Exercise description:
Pick out each line with the word "bigfont" from the material that follows.

[[ Dataset extract open ]]

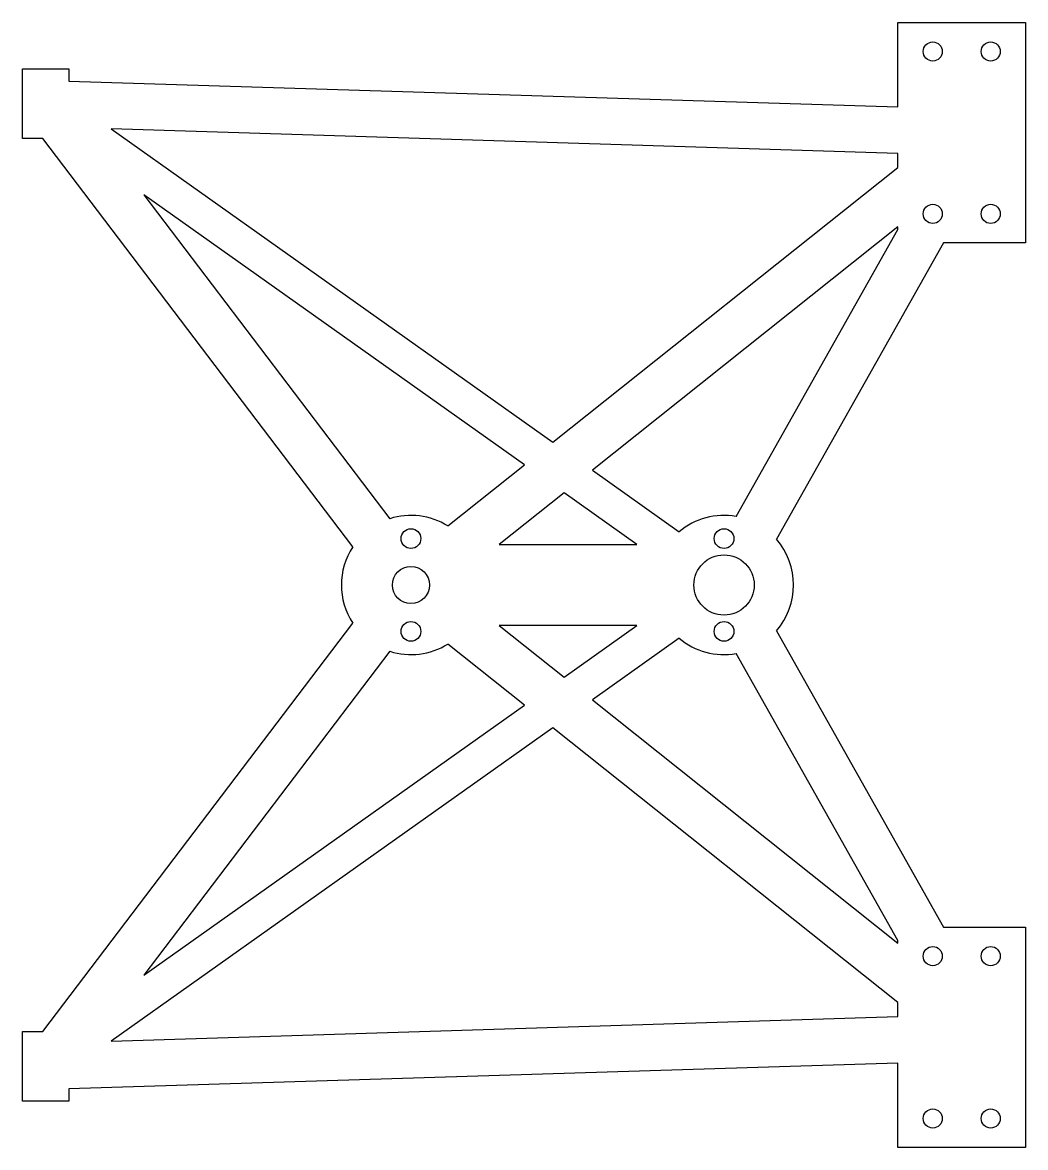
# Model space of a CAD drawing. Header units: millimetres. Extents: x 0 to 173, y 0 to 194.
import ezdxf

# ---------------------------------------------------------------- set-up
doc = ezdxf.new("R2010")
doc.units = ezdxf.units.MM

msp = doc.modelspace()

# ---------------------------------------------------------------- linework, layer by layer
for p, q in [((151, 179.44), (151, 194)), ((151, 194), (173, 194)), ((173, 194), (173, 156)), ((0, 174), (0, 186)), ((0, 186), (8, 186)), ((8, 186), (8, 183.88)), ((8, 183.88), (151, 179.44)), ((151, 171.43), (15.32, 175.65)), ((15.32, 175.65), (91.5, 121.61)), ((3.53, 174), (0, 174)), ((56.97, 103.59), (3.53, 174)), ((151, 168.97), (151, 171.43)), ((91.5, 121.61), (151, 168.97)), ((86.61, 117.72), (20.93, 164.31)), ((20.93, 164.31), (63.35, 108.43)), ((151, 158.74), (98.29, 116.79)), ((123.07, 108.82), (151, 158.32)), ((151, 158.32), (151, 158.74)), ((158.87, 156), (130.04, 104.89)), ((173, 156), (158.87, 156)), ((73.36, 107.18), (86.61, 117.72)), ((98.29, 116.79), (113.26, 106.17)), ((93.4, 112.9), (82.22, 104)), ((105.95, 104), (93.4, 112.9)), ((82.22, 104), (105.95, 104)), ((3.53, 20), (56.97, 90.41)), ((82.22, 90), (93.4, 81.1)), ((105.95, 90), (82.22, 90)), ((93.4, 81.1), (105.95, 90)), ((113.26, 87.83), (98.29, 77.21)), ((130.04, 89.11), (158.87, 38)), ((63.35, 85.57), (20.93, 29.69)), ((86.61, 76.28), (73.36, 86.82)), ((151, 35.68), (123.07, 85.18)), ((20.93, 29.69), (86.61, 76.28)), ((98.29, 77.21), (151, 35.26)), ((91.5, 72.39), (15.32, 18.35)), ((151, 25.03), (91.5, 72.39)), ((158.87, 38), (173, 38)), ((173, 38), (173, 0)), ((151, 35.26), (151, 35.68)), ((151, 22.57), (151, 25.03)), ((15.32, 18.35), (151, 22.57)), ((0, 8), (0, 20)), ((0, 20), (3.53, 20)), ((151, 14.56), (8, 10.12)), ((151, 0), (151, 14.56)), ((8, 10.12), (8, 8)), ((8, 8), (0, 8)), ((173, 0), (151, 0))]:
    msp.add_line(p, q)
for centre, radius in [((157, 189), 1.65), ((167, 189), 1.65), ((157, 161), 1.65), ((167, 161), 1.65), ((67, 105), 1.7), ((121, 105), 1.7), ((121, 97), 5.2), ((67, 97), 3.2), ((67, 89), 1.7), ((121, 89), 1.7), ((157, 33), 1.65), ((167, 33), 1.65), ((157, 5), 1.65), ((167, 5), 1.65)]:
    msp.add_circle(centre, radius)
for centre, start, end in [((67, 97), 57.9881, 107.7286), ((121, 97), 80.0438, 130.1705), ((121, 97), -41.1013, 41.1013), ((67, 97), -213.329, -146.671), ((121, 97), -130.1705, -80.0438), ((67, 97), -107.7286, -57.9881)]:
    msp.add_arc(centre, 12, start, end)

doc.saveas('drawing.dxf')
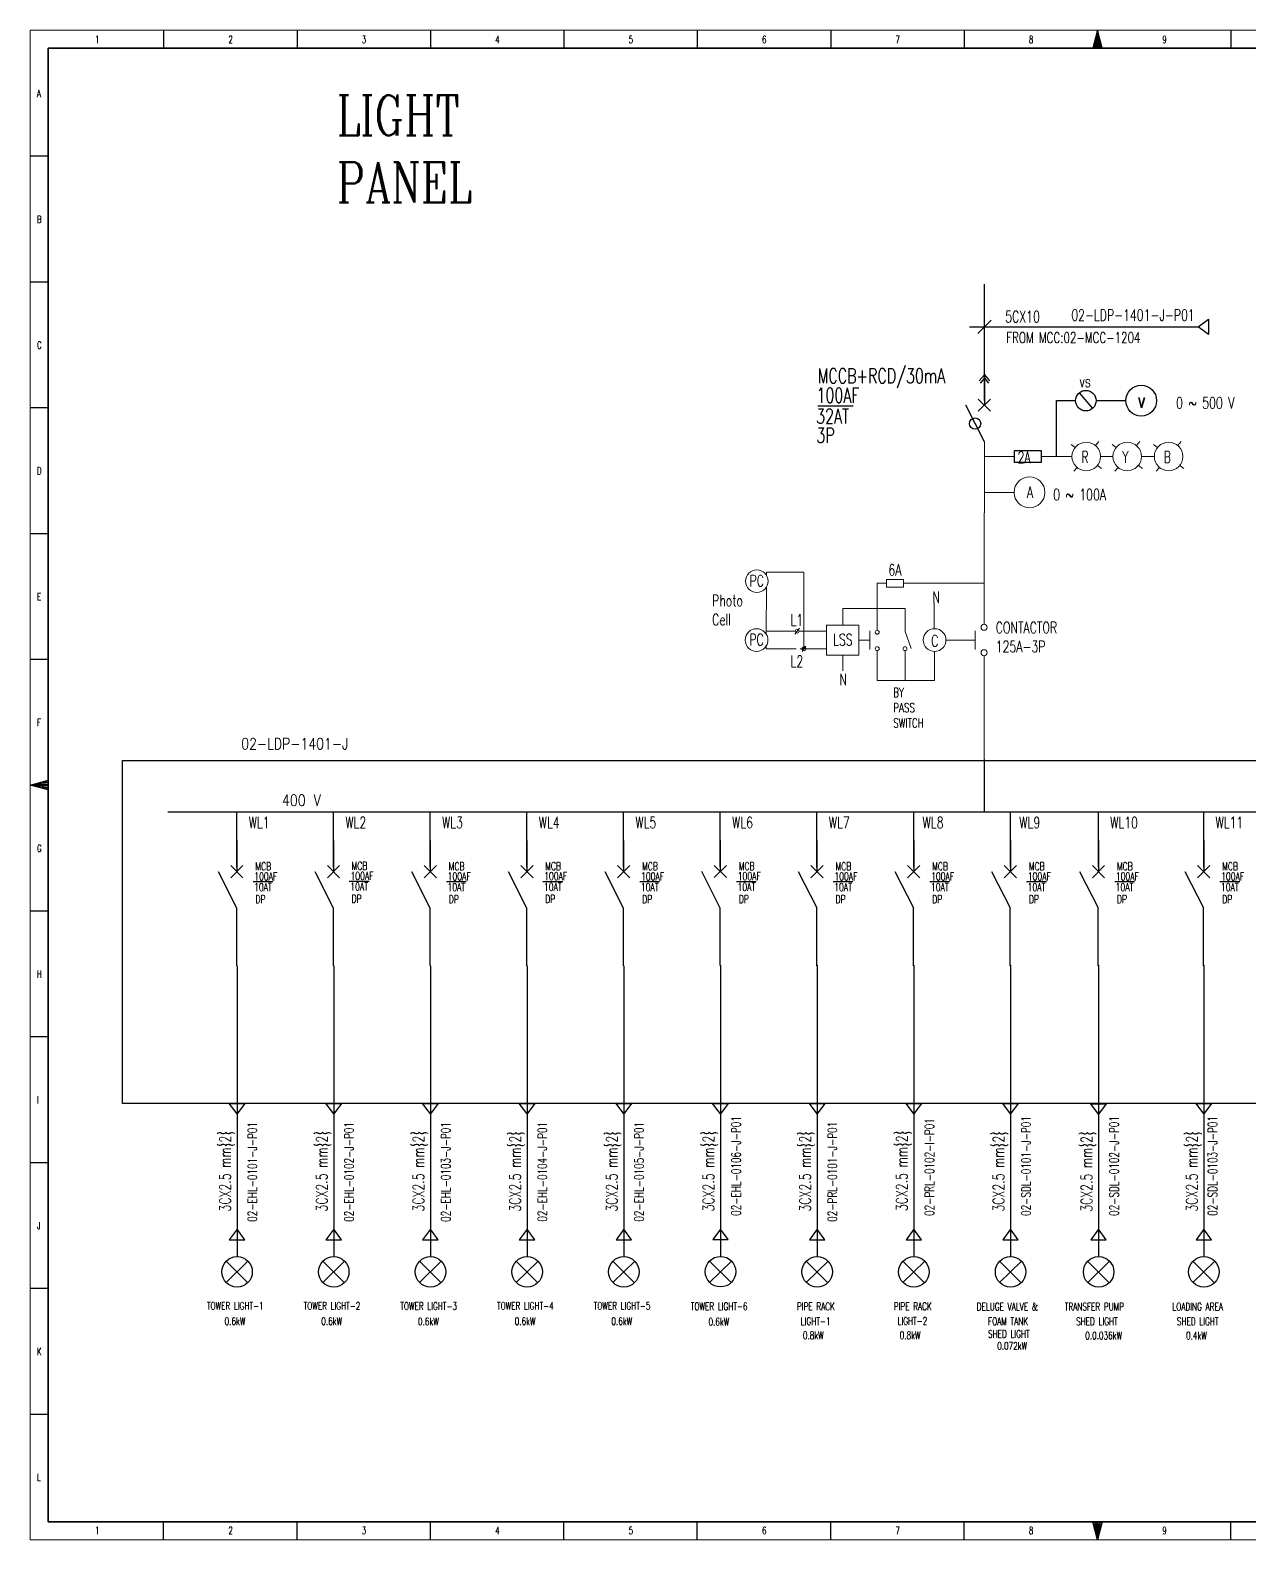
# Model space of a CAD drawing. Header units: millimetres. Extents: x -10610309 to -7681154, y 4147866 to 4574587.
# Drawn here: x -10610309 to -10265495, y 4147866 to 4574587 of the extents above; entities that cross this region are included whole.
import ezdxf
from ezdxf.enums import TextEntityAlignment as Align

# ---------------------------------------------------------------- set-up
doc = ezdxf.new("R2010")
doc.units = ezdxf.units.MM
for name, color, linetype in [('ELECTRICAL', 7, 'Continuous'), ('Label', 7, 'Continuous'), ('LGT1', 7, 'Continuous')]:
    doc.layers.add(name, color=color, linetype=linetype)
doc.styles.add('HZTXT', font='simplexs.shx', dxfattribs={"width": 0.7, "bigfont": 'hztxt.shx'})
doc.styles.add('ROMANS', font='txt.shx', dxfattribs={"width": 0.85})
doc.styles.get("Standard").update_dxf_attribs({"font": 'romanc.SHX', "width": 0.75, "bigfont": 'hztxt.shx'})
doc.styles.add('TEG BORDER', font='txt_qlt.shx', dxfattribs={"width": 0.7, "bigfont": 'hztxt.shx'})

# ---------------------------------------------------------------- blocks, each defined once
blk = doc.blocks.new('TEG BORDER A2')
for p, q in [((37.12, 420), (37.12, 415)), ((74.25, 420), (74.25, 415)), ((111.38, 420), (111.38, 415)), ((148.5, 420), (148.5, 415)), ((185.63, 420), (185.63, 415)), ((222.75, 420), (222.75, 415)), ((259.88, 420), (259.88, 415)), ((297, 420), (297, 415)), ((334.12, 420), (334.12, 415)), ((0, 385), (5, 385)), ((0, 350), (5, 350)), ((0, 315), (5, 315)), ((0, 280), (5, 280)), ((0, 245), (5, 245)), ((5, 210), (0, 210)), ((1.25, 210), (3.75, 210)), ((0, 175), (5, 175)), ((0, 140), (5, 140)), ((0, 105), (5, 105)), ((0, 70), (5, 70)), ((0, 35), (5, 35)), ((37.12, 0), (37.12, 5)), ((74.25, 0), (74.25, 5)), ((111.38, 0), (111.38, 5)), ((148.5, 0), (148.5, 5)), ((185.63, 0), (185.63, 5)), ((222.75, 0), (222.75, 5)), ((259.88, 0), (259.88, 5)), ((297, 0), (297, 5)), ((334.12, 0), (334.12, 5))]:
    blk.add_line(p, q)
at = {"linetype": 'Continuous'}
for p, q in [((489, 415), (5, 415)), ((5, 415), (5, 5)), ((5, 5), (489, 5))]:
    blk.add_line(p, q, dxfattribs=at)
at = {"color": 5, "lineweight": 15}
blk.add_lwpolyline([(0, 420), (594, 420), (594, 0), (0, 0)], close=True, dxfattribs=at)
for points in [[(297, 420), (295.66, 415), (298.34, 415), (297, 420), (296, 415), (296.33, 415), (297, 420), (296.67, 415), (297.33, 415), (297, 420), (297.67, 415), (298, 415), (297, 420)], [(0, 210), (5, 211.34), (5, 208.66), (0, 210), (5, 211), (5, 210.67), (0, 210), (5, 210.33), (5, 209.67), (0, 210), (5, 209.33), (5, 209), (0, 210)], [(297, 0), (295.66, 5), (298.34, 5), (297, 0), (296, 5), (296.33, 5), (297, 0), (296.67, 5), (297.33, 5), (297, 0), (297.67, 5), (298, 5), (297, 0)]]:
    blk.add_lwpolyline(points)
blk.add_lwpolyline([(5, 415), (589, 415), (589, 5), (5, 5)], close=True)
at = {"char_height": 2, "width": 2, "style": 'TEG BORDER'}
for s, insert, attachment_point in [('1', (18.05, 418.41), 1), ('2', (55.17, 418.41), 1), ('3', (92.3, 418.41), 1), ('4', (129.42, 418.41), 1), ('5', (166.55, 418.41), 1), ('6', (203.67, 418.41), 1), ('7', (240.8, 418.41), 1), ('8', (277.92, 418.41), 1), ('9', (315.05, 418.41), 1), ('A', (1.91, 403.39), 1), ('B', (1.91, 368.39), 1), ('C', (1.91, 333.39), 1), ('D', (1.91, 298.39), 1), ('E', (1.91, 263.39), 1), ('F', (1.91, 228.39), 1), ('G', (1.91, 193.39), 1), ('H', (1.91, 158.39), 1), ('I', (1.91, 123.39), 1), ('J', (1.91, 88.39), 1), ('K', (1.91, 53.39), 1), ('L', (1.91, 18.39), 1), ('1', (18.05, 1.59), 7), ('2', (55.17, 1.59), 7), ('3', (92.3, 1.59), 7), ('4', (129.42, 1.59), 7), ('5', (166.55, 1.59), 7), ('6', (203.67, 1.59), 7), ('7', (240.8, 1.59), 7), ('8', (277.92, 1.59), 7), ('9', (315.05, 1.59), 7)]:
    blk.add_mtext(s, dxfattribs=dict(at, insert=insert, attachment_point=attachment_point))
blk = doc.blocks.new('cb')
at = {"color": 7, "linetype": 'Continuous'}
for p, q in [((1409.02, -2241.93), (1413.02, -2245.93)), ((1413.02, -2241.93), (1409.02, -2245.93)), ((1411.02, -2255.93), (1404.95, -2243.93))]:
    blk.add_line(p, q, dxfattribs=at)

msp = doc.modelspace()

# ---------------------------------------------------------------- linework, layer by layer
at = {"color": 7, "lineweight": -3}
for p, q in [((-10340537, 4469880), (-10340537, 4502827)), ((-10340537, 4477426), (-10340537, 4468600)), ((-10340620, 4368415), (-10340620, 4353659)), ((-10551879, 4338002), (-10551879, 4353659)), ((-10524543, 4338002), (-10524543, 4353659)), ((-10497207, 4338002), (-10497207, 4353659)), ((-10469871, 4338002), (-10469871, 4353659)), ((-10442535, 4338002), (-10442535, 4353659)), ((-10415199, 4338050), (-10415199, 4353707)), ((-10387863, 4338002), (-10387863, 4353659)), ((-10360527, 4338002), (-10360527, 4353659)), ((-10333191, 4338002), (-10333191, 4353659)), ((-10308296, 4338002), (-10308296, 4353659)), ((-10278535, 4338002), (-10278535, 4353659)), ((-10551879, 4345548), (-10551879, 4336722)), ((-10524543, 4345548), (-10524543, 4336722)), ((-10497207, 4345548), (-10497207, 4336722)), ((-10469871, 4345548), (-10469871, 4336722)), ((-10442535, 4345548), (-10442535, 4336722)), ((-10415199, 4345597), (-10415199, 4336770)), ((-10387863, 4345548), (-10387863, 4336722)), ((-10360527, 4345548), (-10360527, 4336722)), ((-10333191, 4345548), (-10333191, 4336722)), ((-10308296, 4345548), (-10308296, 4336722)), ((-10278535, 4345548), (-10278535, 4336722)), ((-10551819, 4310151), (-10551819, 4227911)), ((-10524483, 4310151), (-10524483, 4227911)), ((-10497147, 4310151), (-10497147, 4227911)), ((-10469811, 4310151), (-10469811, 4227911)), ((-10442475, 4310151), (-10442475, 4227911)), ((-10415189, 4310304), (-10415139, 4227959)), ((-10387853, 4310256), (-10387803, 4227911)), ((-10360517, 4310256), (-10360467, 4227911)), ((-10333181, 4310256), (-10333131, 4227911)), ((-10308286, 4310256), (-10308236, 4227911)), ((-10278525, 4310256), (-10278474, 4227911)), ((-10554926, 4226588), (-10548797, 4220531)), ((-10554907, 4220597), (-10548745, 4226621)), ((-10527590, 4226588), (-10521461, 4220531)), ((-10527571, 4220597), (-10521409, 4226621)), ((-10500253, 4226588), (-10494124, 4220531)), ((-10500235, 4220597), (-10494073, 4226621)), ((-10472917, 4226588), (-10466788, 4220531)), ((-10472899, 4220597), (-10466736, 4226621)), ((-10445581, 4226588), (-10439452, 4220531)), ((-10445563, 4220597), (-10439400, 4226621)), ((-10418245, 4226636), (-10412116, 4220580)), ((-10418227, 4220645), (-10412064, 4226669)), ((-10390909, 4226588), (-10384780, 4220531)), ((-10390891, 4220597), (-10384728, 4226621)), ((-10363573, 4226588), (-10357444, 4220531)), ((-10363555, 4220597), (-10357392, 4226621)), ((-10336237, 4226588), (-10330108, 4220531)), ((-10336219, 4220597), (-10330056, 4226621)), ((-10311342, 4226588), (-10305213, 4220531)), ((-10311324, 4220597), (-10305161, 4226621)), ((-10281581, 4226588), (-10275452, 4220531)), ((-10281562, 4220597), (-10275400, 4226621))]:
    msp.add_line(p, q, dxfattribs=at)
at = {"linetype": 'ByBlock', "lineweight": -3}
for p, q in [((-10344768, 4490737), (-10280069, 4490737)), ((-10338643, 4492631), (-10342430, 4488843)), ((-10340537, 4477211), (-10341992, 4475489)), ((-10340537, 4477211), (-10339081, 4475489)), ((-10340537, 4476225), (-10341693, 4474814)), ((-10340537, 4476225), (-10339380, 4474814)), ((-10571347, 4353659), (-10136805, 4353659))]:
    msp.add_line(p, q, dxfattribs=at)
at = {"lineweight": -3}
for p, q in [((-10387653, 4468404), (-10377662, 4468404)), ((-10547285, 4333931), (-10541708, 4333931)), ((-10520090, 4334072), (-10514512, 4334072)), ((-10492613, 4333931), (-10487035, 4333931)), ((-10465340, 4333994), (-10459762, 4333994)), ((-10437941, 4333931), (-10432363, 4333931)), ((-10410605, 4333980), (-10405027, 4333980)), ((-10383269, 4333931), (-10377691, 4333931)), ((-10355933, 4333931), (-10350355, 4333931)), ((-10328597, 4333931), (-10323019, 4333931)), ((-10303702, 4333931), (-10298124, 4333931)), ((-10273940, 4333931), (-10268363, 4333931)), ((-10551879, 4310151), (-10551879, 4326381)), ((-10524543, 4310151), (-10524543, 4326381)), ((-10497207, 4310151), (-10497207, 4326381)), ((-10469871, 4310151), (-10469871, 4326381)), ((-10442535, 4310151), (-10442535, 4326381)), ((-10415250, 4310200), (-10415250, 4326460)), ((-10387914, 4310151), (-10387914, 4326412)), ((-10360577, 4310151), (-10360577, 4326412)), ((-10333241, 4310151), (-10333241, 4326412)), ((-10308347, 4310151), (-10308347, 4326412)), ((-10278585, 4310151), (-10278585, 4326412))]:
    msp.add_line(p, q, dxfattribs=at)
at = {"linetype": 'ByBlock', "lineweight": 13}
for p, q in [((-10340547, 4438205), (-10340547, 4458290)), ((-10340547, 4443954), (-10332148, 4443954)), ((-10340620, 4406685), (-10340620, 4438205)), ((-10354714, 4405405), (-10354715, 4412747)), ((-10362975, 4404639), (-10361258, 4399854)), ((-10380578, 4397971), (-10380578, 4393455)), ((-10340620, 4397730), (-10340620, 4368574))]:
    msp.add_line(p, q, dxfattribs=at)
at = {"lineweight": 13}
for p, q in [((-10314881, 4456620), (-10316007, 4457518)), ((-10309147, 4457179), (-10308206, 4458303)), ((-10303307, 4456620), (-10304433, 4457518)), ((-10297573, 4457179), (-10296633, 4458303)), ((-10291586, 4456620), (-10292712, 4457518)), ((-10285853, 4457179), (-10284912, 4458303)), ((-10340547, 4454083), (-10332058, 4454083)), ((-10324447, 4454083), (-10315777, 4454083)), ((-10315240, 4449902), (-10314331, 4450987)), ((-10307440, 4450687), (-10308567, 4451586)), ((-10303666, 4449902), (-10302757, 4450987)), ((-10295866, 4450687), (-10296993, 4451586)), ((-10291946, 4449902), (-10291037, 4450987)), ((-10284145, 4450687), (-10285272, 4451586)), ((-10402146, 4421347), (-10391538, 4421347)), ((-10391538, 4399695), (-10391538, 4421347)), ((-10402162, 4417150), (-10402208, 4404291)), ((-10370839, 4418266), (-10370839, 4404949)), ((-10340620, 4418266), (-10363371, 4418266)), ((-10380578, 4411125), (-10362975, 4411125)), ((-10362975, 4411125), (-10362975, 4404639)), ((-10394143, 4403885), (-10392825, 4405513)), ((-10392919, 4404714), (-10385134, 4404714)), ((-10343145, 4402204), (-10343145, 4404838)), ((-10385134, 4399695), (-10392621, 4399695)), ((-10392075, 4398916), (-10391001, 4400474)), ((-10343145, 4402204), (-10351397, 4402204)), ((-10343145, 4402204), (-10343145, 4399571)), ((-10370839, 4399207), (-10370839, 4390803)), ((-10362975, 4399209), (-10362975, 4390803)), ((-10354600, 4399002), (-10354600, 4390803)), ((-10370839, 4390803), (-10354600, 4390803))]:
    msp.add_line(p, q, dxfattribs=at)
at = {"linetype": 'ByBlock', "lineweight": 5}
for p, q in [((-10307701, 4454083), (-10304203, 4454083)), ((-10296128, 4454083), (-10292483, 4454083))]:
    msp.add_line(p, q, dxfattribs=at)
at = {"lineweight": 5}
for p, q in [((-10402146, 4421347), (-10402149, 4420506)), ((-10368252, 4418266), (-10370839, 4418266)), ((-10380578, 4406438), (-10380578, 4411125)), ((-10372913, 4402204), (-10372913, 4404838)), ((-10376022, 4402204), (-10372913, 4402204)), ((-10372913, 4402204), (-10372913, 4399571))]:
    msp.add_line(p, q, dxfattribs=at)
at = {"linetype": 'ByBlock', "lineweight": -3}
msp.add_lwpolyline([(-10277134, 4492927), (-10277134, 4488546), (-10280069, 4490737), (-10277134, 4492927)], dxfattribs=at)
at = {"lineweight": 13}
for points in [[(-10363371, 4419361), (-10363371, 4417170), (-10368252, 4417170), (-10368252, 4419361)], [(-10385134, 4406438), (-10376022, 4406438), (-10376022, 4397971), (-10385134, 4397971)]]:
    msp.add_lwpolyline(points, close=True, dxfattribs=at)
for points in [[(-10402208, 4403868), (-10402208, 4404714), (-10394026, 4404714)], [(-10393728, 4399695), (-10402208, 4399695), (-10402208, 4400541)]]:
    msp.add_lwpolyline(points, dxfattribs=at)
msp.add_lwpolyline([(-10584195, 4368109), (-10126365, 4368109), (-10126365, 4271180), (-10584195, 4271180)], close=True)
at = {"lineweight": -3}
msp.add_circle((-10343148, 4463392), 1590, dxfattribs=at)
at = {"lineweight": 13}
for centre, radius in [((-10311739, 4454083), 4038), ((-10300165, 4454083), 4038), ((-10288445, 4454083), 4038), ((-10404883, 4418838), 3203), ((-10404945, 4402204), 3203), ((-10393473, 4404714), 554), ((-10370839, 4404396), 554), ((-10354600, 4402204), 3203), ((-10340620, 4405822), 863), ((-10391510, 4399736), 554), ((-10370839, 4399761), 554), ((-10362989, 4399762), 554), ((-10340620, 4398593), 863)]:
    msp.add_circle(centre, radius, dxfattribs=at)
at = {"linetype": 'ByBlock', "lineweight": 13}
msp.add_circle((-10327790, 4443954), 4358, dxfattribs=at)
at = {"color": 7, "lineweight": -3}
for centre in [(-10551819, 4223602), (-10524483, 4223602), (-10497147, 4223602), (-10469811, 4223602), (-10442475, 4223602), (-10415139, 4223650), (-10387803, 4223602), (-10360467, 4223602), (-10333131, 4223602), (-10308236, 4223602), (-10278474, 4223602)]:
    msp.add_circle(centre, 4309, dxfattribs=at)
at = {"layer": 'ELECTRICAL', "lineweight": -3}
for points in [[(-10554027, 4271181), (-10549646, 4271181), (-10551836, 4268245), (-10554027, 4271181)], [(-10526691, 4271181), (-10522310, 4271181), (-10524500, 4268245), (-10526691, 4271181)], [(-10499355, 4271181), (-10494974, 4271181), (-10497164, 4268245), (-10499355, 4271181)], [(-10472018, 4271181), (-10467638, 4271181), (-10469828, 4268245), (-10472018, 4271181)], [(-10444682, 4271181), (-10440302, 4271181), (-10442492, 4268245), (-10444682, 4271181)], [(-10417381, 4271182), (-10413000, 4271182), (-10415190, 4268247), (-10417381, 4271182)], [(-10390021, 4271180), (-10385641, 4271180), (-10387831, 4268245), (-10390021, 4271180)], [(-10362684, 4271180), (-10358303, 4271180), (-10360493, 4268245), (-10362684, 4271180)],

[[ Dataset extract closed ]]

Solved exercise:
doc.styles.add('HZTXT', font='simplexs.shx', dxfattribs={"width": 0.7, "bigfont": 'hztxt.shx'})
doc.styles.get("Standard").update_dxf_attribs({"font": 'romanc.SHX', "width": 0.75, "bigfont": 'hztxt.shx'})
doc.styles.add('TEG BORDER', font='txt_qlt.shx', dxfattribs={"width": 0.7, "bigfont": 'hztxt.shx'})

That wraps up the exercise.